11. Lastly it is argued that the appellants want to cross-examine the officer of the Bank regarding collection of rent in respect of machineries belonging to the borrower company, which were hypothecated to the Bank. It is not disputed that the Receiver was appointed in respect of the hypothecated goods by the High Court in the suit originally filed there, which later on came to be transferred to the D.R.T. The hypothecated goods are not in possession of the Bank. This contention is raised with a view to take benefit from the provisions of Section 141 of the Indian Contract Act. As regards this contention, the appellants will have to first establish that the appellants are entitled to the benefit of the said provision. However, they failed to establish the same in an another application made in the month of February 2006, which was rejected by the D.R.T. and the appeal therefrom, is also rejected by me by a separate order passed today. In this respect, reference can be made to the letter of guarantee dated 27th April, 1995 executed by the appellant No. 1 to which reference is already made while discussing the second point raised on behalf of the appellants regarding the blanks allegedly filled up in the documents by the Bank. Clause 1 the said letter expressly states that the appellants' liability to the Bank shall be that of a principal debtor and at the Bank's option, the Bank may treat them as primarily liable for the debt of the principal or the balance from time to time due in respect thereof, provided that the amount for which they shall be liable under this guarantee shall not exceed Rs. 3 crores plus interest. Similarly, Clause 6 of the said letter of guarantee states.

"I/we waive all suretyship or other rights at any time inconsistent with any of the terms hereof'. The learned Advocate for the appellants tried to place emphasis on the wording "inconsistent with any of the terms hereof but could not point out to me any inconsistent term which would not make the appellants primarily liable for the debt of the main borrower. Consequently the provisions of Section 141 of the Indian Contract Act are not attracted.

It is also relevant to point out that though the D.R.T. has rejected the application, it is observed in the impugned order regarding hypothecated goods that if the Bank has not chosen to give explanation regarding hypothecated security, it could be highlighted during the course of final argument in the original application.

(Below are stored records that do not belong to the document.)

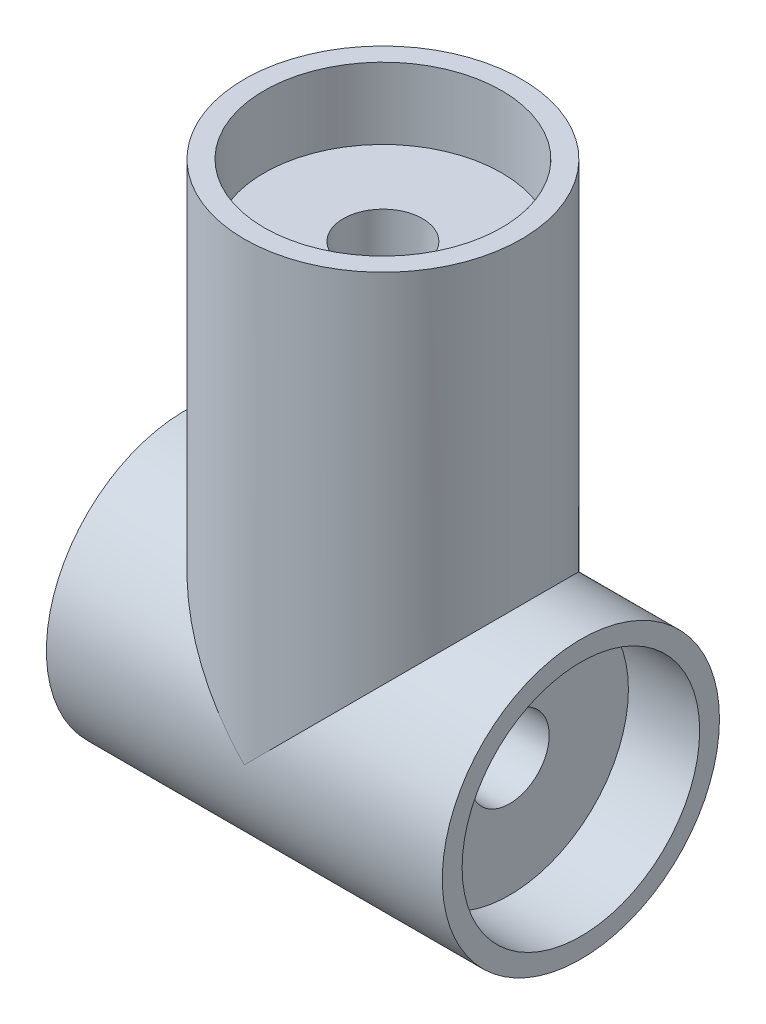
ISO-10303-21;
HEADER;
FILE_DESCRIPTION(('STEP AP214'),'2;1');
FILE_NAME('part.step','',(''),(''),'','','');
FILE_SCHEMA(('AUTOMOTIVE_DESIGN { 1 0 10303 214 1 1 1 1 }'));
ENDSEC;
DATA;
#1=APPLICATION_CONTEXT('core data for automotive mechanical design processes');
#2=APPLICATION_PROTOCOL_DEFINITION('international standard','automotive_design',2000,#1);
#3=PRODUCT_CONTEXT('',#1,'mechanical');
#4=PRODUCT('Part','Part','',(#3));
#5=PRODUCT_RELATED_PRODUCT_CATEGORY('part','',(#4));
#6=PRODUCT_DEFINITION_FORMATION('','',#4);
#7=PRODUCT_DEFINITION_CONTEXT('part definition',#1,'design');
#8=PRODUCT_DEFINITION('design','',#6,#7);
#9=PRODUCT_DEFINITION_SHAPE('','',#8);
#10=(LENGTH_UNIT() NAMED_UNIT(*) SI_UNIT(.MILLI.,.METRE.));
#11=(NAMED_UNIT(*) PLANE_ANGLE_UNIT() SI_UNIT($,.RADIAN.));
#12=(NAMED_UNIT(*) SI_UNIT($,.STERADIAN.) SOLID_ANGLE_UNIT());
#13=UNCERTAINTY_MEASURE_WITH_UNIT(LENGTH_MEASURE(1.E-05),#10,'distance_accuracy_value','');
#14=(GEOMETRIC_REPRESENTATION_CONTEXT(3) GLOBAL_UNCERTAINTY_ASSIGNED_CONTEXT((#13)) GLOBAL_UNIT_ASSIGNED_CONTEXT((#10,
#11,#12)) REPRESENTATION_CONTEXT('',''));
#15=CARTESIAN_POINT('',(0.,0.,0.));
#16=DIRECTION('',(0.,0.,1.));
#17=DIRECTION('',(1.,0.,0.));
#18=AXIS2_PLACEMENT_3D('',#15,#16,#17);
#19=CARTESIAN_POINT('',(25.,0.,0.));
#20=DIRECTION('',(-1.,0.,0.));
#21=DIRECTION('',(0.,0.,1.));
#22=AXIS2_PLACEMENT_3D('',#19,#20,#21);
#23=CYLINDRICAL_SURFACE('',#22,5.);
#24=CARTESIAN_POINT('',(16.,0.,0.));
#25=DIRECTION('',(1.,0.,0.));
#26=DIRECTION('',(0.,0.,-1.));
#27=AXIS2_PLACEMENT_3D('',#24,#25,#26);
#28=CIRCLE('',#27,5.);
#29=CARTESIAN_POINT('',(16.,0.,-5.));
#30=VERTEX_POINT('',#29);
#31=EDGE_CURVE('E79',#30,#30,#28,.T.);
#32=ORIENTED_EDGE('',*,*,#31,.T.);
#33=EDGE_LOOP('',(#32));
#34=FACE_BOUND('',#33,.T.);
#35=CARTESIAN_POINT('',(-16.,0.,0.));
#36=DIRECTION('',(1.,0.,0.));
#37=DIRECTION('',(0.,0.,-1.));
#38=AXIS2_PLACEMENT_3D('',#35,#36,#37);
#39=CIRCLE('',#38,5.);
#40=CARTESIAN_POINT('',(-16.,0.,-5.));
#41=VERTEX_POINT('',#40);
#42=EDGE_CURVE('E63',#41,#41,#39,.T.);
#43=ORIENTED_EDGE('',*,*,#42,.F.);
#44=EDGE_LOOP('',(#43));
#45=FACE_BOUND('',#44,.T.);
#46=ADVANCED_FACE('F39',(#34,#45),#23,.F.);
#47=CARTESIAN_POINT('',(-25.,0.,0.));
#48=DIRECTION('',(1.,0.,0.));
#49=DIRECTION('',(0.,0.,-1.));
#50=AXIS2_PLACEMENT_3D('',#47,#48,#49);
#51=PLANE('',#50);
#52=CARTESIAN_POINT('',(-25.,0.,0.));
#53=DIRECTION('',(1.,0.,0.));
#54=DIRECTION('',(0.,0.,-1.));
#55=AXIS2_PLACEMENT_3D('',#52,#53,#54);
#56=CIRCLE('',#55,17.5);
#57=CARTESIAN_POINT('',(-25.,0.,-17.5));
#58=VERTEX_POINT('',#57);
#59=EDGE_CURVE('E88',#58,#58,#56,.T.);
#60=ORIENTED_EDGE('',*,*,#59,.F.);
#61=EDGE_LOOP('',(#60));
#62=FACE_BOUND('',#61,.T.);
#63=CARTESIAN_POINT('',(-25.,0.,0.));
#64=DIRECTION('',(1.,0.,0.));
#65=DIRECTION('',(0.,0.,-1.));
#66=AXIS2_PLACEMENT_3D('',#63,#64,#65);
#67=CIRCLE('',#66,15.);
#68=CARTESIAN_POINT('',(-25.,0.,-15.));
#69=VERTEX_POINT('',#68);
#70=EDGE_CURVE('E75',#69,#69,#67,.T.);
#71=ORIENTED_EDGE('',*,*,#70,.T.);
#72=EDGE_LOOP('',(#71));
#73=FACE_BOUND('',#72,.T.);
#74=ADVANCED_FACE('F96',(#62,#73),#51,.F.);
#75=CARTESIAN_POINT('',(25.,0.,0.));
#76=DIRECTION('',(1.,0.,0.));
#77=DIRECTION('',(0.,0.,-1.));
#78=AXIS2_PLACEMENT_3D('',#75,#76,#77);
#79=PLANE('',#78);
#80=CARTESIAN_POINT('',(25.,0.,0.));
#81=DIRECTION('',(1.,0.,0.));
#82=DIRECTION('',(0.,0.,-1.));
#83=AXIS2_PLACEMENT_3D('',#80,#81,#82);
#84=CIRCLE('',#83,15.);
#85=CARTESIAN_POINT('',(25.,0.,-15.));
#86=VERTEX_POINT('',#85);
#87=EDGE_CURVE('E84',#86,#86,#84,.T.);
#88=ORIENTED_EDGE('',*,*,#87,.F.);
#89=EDGE_LOOP('',(#88));
#90=FACE_BOUND('',#89,.T.);
#91=CARTESIAN_POINT('',(25.,0.,0.));
#92=DIRECTION('',(1.,0.,0.));
#93=DIRECTION('',(0.,0.,-1.));
#94=AXIS2_PLACEMENT_3D('',#91,#92,#93);
#95=CIRCLE('',#94,17.5);
#96=CARTESIAN_POINT('',(25.,0.,-17.5));
#97=VERTEX_POINT('',#96);
#98=EDGE_CURVE('E52',#97,#97,#95,.T.);
#99=ORIENTED_EDGE('',*,*,#98,.T.);
#100=EDGE_LOOP('',(#99));
#101=FACE_BOUND('',#100,.T.);
#102=ADVANCED_FACE('F99',(#90,#101),#79,.T.);
#103=CARTESIAN_POINT('',(25.,0.,0.));
#104=DIRECTION('',(-1.,0.,0.));
#105=DIRECTION('',(0.,0.,1.));
#106=AXIS2_PLACEMENT_3D('',#103,#104,#105);
#107=CYLINDRICAL_SURFACE('',#106,17.5);
#108=CARTESIAN_POINT('',(0.,0.,0.));
#109=DIRECTION('',(0.707106781186547,0.707106781186547,0.));
#110=DIRECTION('',(-0.707106781186547,0.707106781186547,0.));
#111=AXIS2_PLACEMENT_3D('',#108,#109,#110);
#112=ELLIPSE('',#111,24.7487373415292,17.5);
#113=CARTESIAN_POINT('',(0.,0.,-17.5));
#114=VERTEX_POINT('',#113);
#115=CARTESIAN_POINT('',(0.,0.,17.5));
#116=VERTEX_POINT('',#115);
#117=EDGE_CURVE('E60',#114,#116,#112,.T.);
#118=ORIENTED_EDGE('',*,*,#117,.F.);
#119=CARTESIAN_POINT('',(0.,0.,0.));
#120=DIRECTION('',(-0.707106781186547,0.707106781186547,0.));
#121=DIRECTION('',(0.707106781186547,0.707106781186547,0.));
#122=AXIS2_PLACEMENT_3D('',#119,#120,#121);
#123=ELLIPSE('',#122,24.7487373415292,17.5);
#124=EDGE_CURVE('E58',#116,#114,#123,.T.);
#125=ORIENTED_EDGE('',*,*,#124,.F.);
#126=EDGE_LOOP('',(#118,#125));
#127=FACE_BOUND('',#126,.T.);
#128=ORIENTED_EDGE('',*,*,#98,.F.);
#129=EDGE_LOOP('',(#128));
#130=FACE_BOUND('',#129,.T.);
#131=ORIENTED_EDGE('',*,*,#59,.T.);
#132=EDGE_LOOP('',(#131));
#133=FACE_BOUND('',#132,.T.);
#134=ADVANCED_FACE('F41',(#127,#130,#133),#107,.T.);
#135=CARTESIAN_POINT('',(16.,0.,0.));
#136=DIRECTION('',(1.,0.,0.));
#137=DIRECTION('',(0.,0.,-1.));
#138=AXIS2_PLACEMENT_3D('',#135,#136,#137);
#139=CYLINDRICAL_SURFACE('',#138,15.);
#140=CARTESIAN_POINT('',(16.,0.,0.));
#141=DIRECTION('',(1.,0.,0.));
#142=DIRECTION('',(0.,0.,-1.));
#143=AXIS2_PLACEMENT_3D('',#140,#141,#142);
#144=CIRCLE('',#143,15.);
#145=CARTESIAN_POINT('',(16.,0.,-15.));
#146=VERTEX_POINT('',#145);
#147=EDGE_CURVE('E85',#146,#146,#144,.T.);
#148=ORIENTED_EDGE('',*,*,#147,.F.);
#149=EDGE_LOOP('',(#148));
#150=FACE_BOUND('',#149,.T.);
#151=ORIENTED_EDGE('',*,*,#87,.T.);
#152=EDGE_LOOP('',(#151));
#153=FACE_BOUND('',#152,.T.);
#154=ADVANCED_FACE('F128',(#150,#153),#139,.F.);
#155=CARTESIAN_POINT('',(16.,0.,0.));
#156=DIRECTION('',(1.,0.,0.));
#157=DIRECTION('',(0.,0.,-1.));
#158=AXIS2_PLACEMENT_3D('',#155,#156,#157);
#159=PLANE('',#158);
#160=ORIENTED_EDGE('',*,*,#31,.F.);
#161=EDGE_LOOP('',(#160));
#162=FACE_BOUND('',#161,.T.);
#163=ORIENTED_EDGE('',*,*,#147,.T.);
#164=EDGE_LOOP('',(#163));
#165=FACE_BOUND('',#164,.T.);
#166=ADVANCED_FACE('F115',(#162,#165),#159,.T.);
#167=CARTESIAN_POINT('',(-16.,0.,0.));
#168=DIRECTION('',(-1.,0.,0.));
#169=DIRECTION('',(0.,0.,-1.));
#170=AXIS2_PLACEMENT_3D('',#167,#168,#169);
#171=PLANE('',#170);
#172=CARTESIAN_POINT('',(-16.,0.,0.));
#173=DIRECTION('',(1.,0.,0.));
#174=DIRECTION('',(0.,0.,-1.));
#175=AXIS2_PLACEMENT_3D('',#172,#173,#174);
#176=CIRCLE('',#175,15.);
#177=CARTESIAN_POINT('',(-16.,0.,-15.));
#178=VERTEX_POINT('',#177);
#179=EDGE_CURVE('E76',#178,#178,#176,.T.);
#180=ORIENTED_EDGE('',*,*,#179,.F.);
#181=EDGE_LOOP('',(#180));
#182=FACE_BOUND('',#181,.T.);
#183=ORIENTED_EDGE('',*,*,#42,.T.);
#184=EDGE_LOOP('',(#183));
#185=FACE_BOUND('',#184,.T.);
#186=ADVANCED_FACE('F104',(#182,#185),#171,.T.);
#187=CARTESIAN_POINT('',(-16.,0.,0.));
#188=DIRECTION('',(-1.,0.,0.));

Considering the hollowness of this application, I am of the opinion that the learned Advocate for the Bank was right when he submitted that this application was made with a view to prolong the litigation. It is relevant to mention here that the claim was filed on 27th December, 2004, reply affidavit was filed in September 2005 and this application was made in January, 2006, which according to the learned Advocate, for the respondent Bank was made after taking several adjournments when the original application had come up for hearing and this appeal was urgently moved two days before when the original application was listed for final hearing before the D.R.T.-II, Mumbai. As observed by the Supreme Court in para 23 of the judgment in the case of Union of India v. Delhi High Court Bar Association (supra), if cross-examination of a witness is sought with a desire to prolong the case, the same cannot be permitted.

For the reasons which I have given above, this appeal deserves to be summarily dismissed with costs.

At the request of the Advocate for the respondent Bank, amount of costs shall be paid by the appellants to the D.R.T. Library within a period of two weeks from today.